Providing and Managing Access to Data

HDFS permissions

Grant each user account the appropriate HDFS permissions in the Hadoop cluster. HDFS permissions determine what a user can do to files and directories stored in HDFS. To access a file or directory, a user must have permission or belong to a group that has permission to the file or directory.

A Hive database corresponds to a directory in HDFS. Each Hive table created in the database corresponds to a subdirectory. You grant Intelligent Data Lake user accounts permission on the appropriate directory, based on whether you want to provide permission on a Hive database or on a specific Hive table in the database.

Note: As a best practice, you can set up private/shared/public databases (or schemas) in a single Hive resource and grant users appropriate permissions on those corresponding HDFS directories.

User impersonation

User impersonation allows different user accounts to run mappings in a Hadoop cluster that uses Kerberos authentication. When users upload and publish prepared data in the Intelligent Data Lake application, the Data Integration Service runs mappings in the Hadoop environment.
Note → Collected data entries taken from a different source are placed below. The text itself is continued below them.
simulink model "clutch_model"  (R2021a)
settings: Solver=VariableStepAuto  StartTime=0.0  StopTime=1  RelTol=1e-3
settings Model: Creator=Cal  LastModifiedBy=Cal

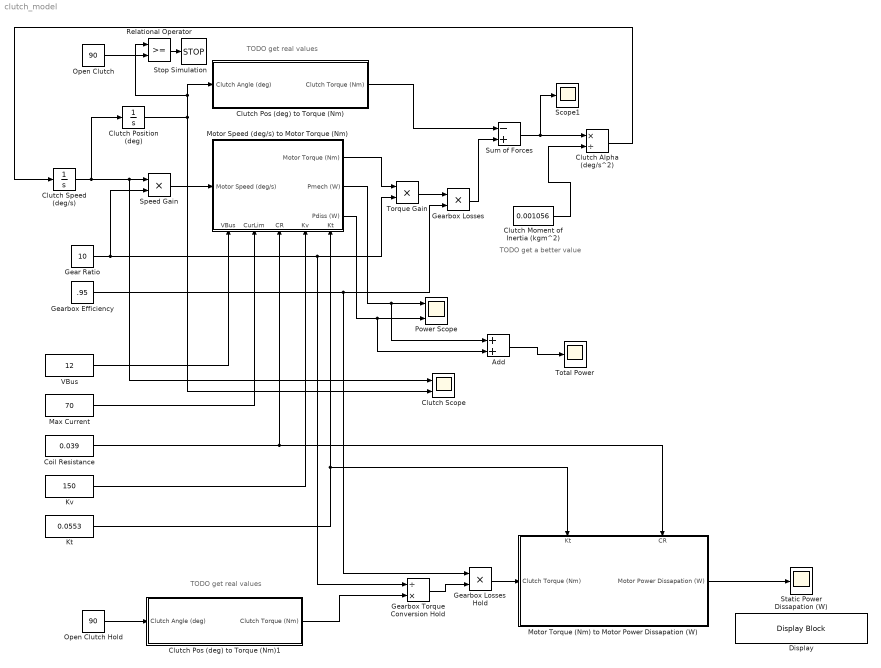
== system clutch_model ==
  note: TODO get real values
  note: TODO get a better value
  note: TODO get real values
  Add : Sum
  Clutch Alpha (deg/s^2) : Product  Inputs=*/
  Clutch Moment of Inertia (kgm^2) : Constant  Value=0.001056
  Clutch Pos (deg) to Torque (Nm) : Subsystem
  Clutch Pos (deg) to Torque (Nm)1 : Subsystem
  Clutch Position (deg) : Integrator
  Clutch Scope : Scope  NumInputPorts=2
  Clutch Speed (deg/s) : Integrator
  Coil Resistance : Constant  Value=0.039
  Display : DisplayBlock  LabelPosition=Hide  Format=short  Transparency=1
  Gear Ratio : Constant  Value=10
  Gearbox Efficiency : Constant  Value=.95
  Gearbox Losses : Product
  Gearbox Losses Hold : Product
  Gearbox Torque Conversion Hold : Product  Inputs=/*
  Kt : Constant  Value=0.0553
  Kv : Constant  Value=150
  Max Current : Constant  Value=70
  Motor Speed (deg/s) to Motor Torque (Nm) : Subsystem
      settings: PortSchema="{\"entries\":[{\"content\":{\"sides\":[{\"content\":{\"connectorIds\":[\"In1\"]},\"type\":\"ConnectorPlacement.EquallySpacedRectSide\",\"uuid\":\"7e3d6259-f020-48d4-ab2f-cc02f3e205f3\"},{\"content\":{\"connectorIds\":[\"Out1\",\"Out2\",\"Out3\"],\"side\":\"RIGHT\"},\"type\":\"ConnectorPlacement.EquallySpacedRectSide\",\"uuid\":\"df711253-8a83-44a2-b4f6-36021a4fbdad\"},{\"content\":{\"connectorIds\":[],\"side\":\"TOP\"},\"type\":\"ConnectorPlacement.EquallySpacedRectSide\",\"uuid\":\"808ed9f2-c99b-45a4-8d17-90091b6202b6\"},{\"content\":{\"connectorIds\":[\"In2\",\"In3\",\"In4\",\"In5\",\"In6\"],\"side\":\"BOTTOM\"},\"type\":\"ConnectorPlacement.EquallySpacedRectSide\",\"uuid\":\"e83684b7-d3eb-4f08-87c8-e935429af94a\"}]},\"type\":\"ConnectorPlacement.EquallySpacedConnector\",\"uuid\":\"e9285cd7-c097-4ff9-90f5-d18f52844aac\"}],\"packageUris\":[\"http://schema.mathworks.com/mf0/Connector/R2020b\"],\"version\":\"1.0\"}"
  Motor Torque (Nm) to Motor Power Dissapation (W) : Subsystem
      settings: PortSchema="{\"entries\":[{\"content\":{\"sides\":[{\"content\":{\"connectorIds\":[\"In1\"]},\"type\":\"ConnectorPlacement.EquallySpacedRectSide\",\"uuid\":\"3ec64108-34b1-4214-af14-de7d9a6b89d7\"},{\"content\":{\"connectorIds\":[\"Out1\"],\"side\":\"RIGHT\"},\"type\":\"ConnectorPlacement.EquallySpacedRectSide\",\"uuid\":\"a66a176f-0d37-451a-b520-e1afd774ae54\"},{\"content\":{\"connectorIds\":[\"In2\",\"In3\"],\"side\":\"TOP\"},\"type\":\"ConnectorPlacement.EquallySpacedRectSide\",\"uuid\":\"ac2b7dd3-1c21-45f4-ac26-7b034153dae5\"}]},\"type\":\"ConnectorPlacement.EquallySpacedConnector\",\"uuid\":\"9fe287c7-b94b-4824-b10a-73f55dfd2ff0\"}],\"packageUris\":[\"http://schema.mathworks.com/mf0/Connector/R2020b\"],\"version\":\"1.0\"}"
  Open Clutch : Constant  Value=90
  Open Clutch Hold : Constant  Value=90
  Power Scope : Scope  NumInputPorts=2
  Relational Operator : RelationalOperator  OutDataTypeStr=boolean  RndMeth=Simplest
  Scope1 : Scope
  Speed Gain : Product
  Static Power Dissapation (W) : Scope
  Stop Simulation : Stop
  Sum of Forces : Sum  Inputs=-+
  Torque Gain : Product
  Total Power : Scope
  VBus : Constant  Value=12
  wires:
  Clutch Speed (deg/s)/1 -> Clutch Scope/1, Speed Gain/1, Clutch Position (deg)/1
  Clutch Position (deg)/1 -> Clutch Scope/2, Relational Operator/1, Clutch Pos (deg) to Torque (Nm)/1(Clutch Angle (deg))
  Speed Gain/1 -> Motor Speed (deg/s) to Motor Torque (Nm)/1(Motor Speed (deg/s))
  Clutch Pos (deg) to Torque (Nm)/1(Clutch Torque (Nm)) -> Sum of Forces/1
  Motor Speed (deg/s) to Motor Torque (Nm)/1(Motor Torque (Nm)) -> Torque Gain/1
  Torque Gain/1 -> Gearbox Losses/1
  Gearbox Losses/1 -> Sum of Forces/2
  Sum of Forces/1 -> Scope1/1, Clutch Alpha (deg/s^2)/1
  Clutch Moment of Inertia (kgm^2)/1 -> Clutch Alpha (deg/s^2)/2
  Clutch Alpha (deg/s^2)/1 -> Clutch Speed (deg/s)/1
  Gear Ratio/1 -> Speed Gain/2, Gearbox Torque Conversion Hold/1, Torque Gain/2
  VBus/1 -> Motor Speed (deg/s) to Motor Torque (Nm)/2(VBus)
  Coil Resistance/1 -> Motor Torque (Nm) to Motor Power Dissapation (W)/3(CR), Motor Speed (deg/s) to Motor Torque (Nm)/4(CR)
  Kv/1 -> Motor Speed (deg/s) to Motor Torque (Nm)/5(Kv)
  Kt/1 -> Motor Torque (Nm) to Motor Power Dissapation (W)/2(Kt), Motor Speed (deg/s) to Motor Torque (Nm)/6(Kt)
  Gearbox Efficiency/1 -> Gearbox Losses Hold/1, Gearbox Losses/2
  Open Clutch/1 -> Relational Operator/2
  Relational Operator/1 -> Stop Simulation/1
  Motor Speed (deg/s) to Motor Torque (Nm)/3(Pdiss (W)) -> Add/2, Power Scope/2
  Max Current/1 -> Motor Speed (deg/s) to Motor Torque (Nm)/3(CurLim)
  Motor Speed (deg/s) to Motor Torque (Nm)/2(Pmech (W)) -> Add/1, Power Scope/1
  Add/1 -> Total Power/1
  Open Clutch Hold/1 -> Clutch Pos (deg) to Torque (Nm)1/1(Clutch Angle (deg))
  Clutch Pos (deg) to Torque (Nm)1/1(Clutch Torque (Nm)) -> Gearbox Torque Conversion Hold/2
  Gearbox Torque Conversion Hold/1 -> Gearbox Losses Hold/2
  Gearbox Losses Hold/1 -> Motor Torque (Nm) to Motor Power Dissapation (W)/1(Clutch Torque (Nm))
  Motor Torque (Nm) to Motor Power Dissapation (W)/1(Motor Power Dissapation (W)) -> Static Power Dissapation (W)/1

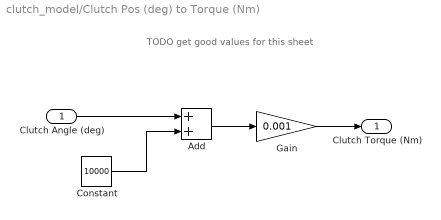
== system clutch_model/Clutch Pos (deg) to Torque (Nm) ==
  note: TODO get good values for this sheet
  Clutch Angle (deg) : Inport
  Add : Sum
  Constant : Constant  Value=10000
  Gain : Gain  Gain=0.001
  Clutch Torque (Nm) : Outport
  wires:
  Clutch Angle (deg)/1 -> Add/1
  Add/1 -> Gain/1
  Gain/1 -> Clutch Torque (Nm)/1
  Constant/1 -> Add/2

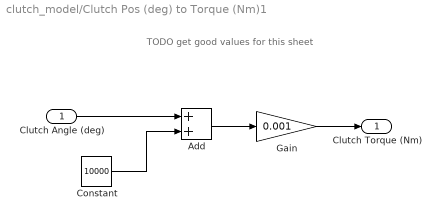
== system clutch_model/Clutch Pos (deg) to Torque (Nm)1 ==
  note: TODO get good values for this sheet
  Clutch Angle (deg) : Inport
  Add : Sum
  Constant : Constant  Value=10000
  Gain : Gain  Gain=0.001
  Clutch Torque (Nm) : Outport
  wires:
  Clutch Angle (deg)/1 -> Add/1
  Add/1 -> Gain/1
  Gain/1 -> Clutch Torque (Nm)/1
  Constant/1 -> Add/2

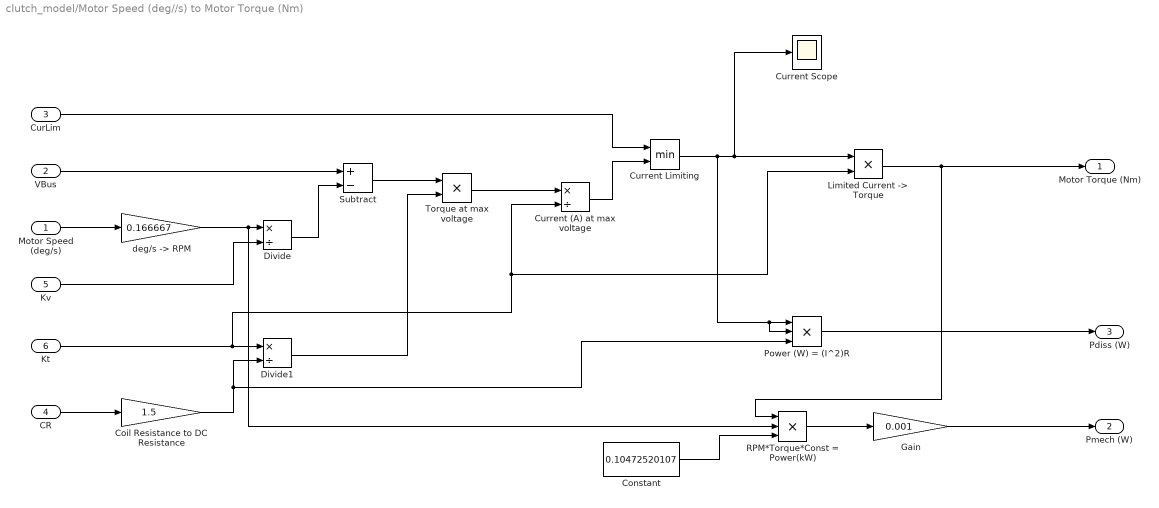
== system clutch_model/Motor Speed (deg//s) to Motor Torque (Nm) ==
  Motor Speed (deg/s) : Inport
  VBus : Inport  Port=2
  CurLim : Inport  Port=3
  CR : Inport  Port=4
  Kv : Inport  Port=5
  Kt : Inport  Port=6
  Coil Resistance to DC Resistance : Gain  Gain=1.5
  Constant : Constant  Value=0.10472520107
  Current (A) at max voltage : Product  Inputs=*/
  Current Limiting : MinMax  Inputs=2
  Current Scope : Scope
  Divide : Product  Inputs=*/
  Divide1 : Product  Inputs=*/
  Gain : Gain  Gain=0.001
  "Limited Current -> Torque" : Product
  Power (W) = (I^2)R : Product  Inputs=3
  RPM*Torque*Const = Power(kW) : Product  Inputs=3
  Subtract : Sum  Inputs=+-
  Torque at max voltage : Product
  "deg/s -> RPM" : Gain  Gain=0.166667
  Motor Torque (Nm) : Outport
  Pmech (W) : Outport  Port=2
  Pdiss (W) : Outport  Port=3
  wires:
  Motor Speed (deg/s)/1 -> "deg/s -> RPM"/1
  CR/1 -> Coil Resistance to DC Resistance/1
  "deg/s -> RPM"/1 -> RPM*Torque*Const = Power(kW)/2, Divide/1
  Kv/1 -> Divide/2
  VBus/1 -> Subtract/1
  Divide/1 -> Subtract/2
  Kt/1 -> "Limited Current -> Torque"/2, Current (A) at max voltage/2, Divide1/1
  Coil Resistance to DC Resistance/1 -> Power (W) = (I^2)R/3, Divide1/2
  Divide1/1 -> Torque at max voltage/2
  Subtract/1 -> Torque at max voltage/1
  Torque at max voltage/1 -> Current (A) at max voltage/1
  Constant/1 -> RPM*Torque*Const = Power(kW)/3
  RPM*Torque*Const = Power(kW)/1 -> Gain/1
  Gain/1 -> Pmech (W)/1
  Current Limiting/1 -> Power (W) = (I^2)R/2, Power (W) = (I^2)R/1, Current Scope/1, "Limited Current -> Torque"/1
  Power (W) = (I^2)R/1 -> Pdiss (W)/1
  CurLim/1 -> Current Limiting/1
  Current (A) at max voltage/1 -> Current Limiting/2
  "Limited Current -> Torque"/1 -> RPM*Torque*Const = Power(kW)/1, Motor Torque (Nm)/1

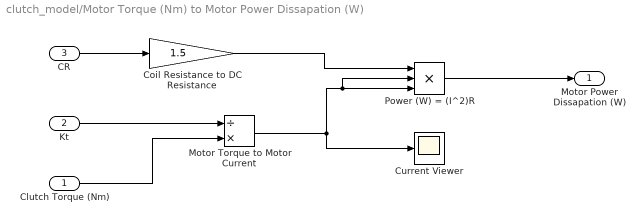
== system clutch_model/Motor Torque (Nm) to Motor Power Dissapation (W) ==
  Clutch Torque (Nm) : Inport
  Kt : Inport  Port=2
  CR : Inport  Port=3
  Coil Resistance to DC Resistance : Gain  Gain=1.5
  Current Viewer : Scope
  Motor Torque to Motor Current : Product  Inputs=/*
  Power (W) = (I^2)R : Product  Inputs=3
  Motor Power Dissapation (W) : Outport
  wires:
  CR/1 -> Coil Resistance to DC Resistance/1
  Kt/1 -> Motor Torque to Motor Current/1
  Clutch Torque (Nm)/1 -> Motor Torque to Motor Current/2
  Motor Torque to Motor Current/1 -> Current Viewer/1, Power (W) = (I^2)R/2, Power (W) = (I^2)R/3
  Coil Resistance to DC Resistance/1 -> Power (W) = (I^2)R/1
  Power (W) = (I^2)R/1 -> Motor Power Dissapation (W)/1

The Data Integration Service pushes the processing to nodes in the Hadoop cluster. The Data Integration Service uses the credentials you have specified to impersonate the user accounts that publish and upload the data. Create a user account in the Hadoop cluster for each Intelligent Data Lake user account.

When the Data Integration Service impersonates a user account to submit a mapping, the mapping can only access Hadoop resources that the impersonated user has permissions on. Without user impersonation, the Data Integration Service uses its credentials to submit a mapping to the Hadoop cluster. Restricted Hadoop resources might be accessible.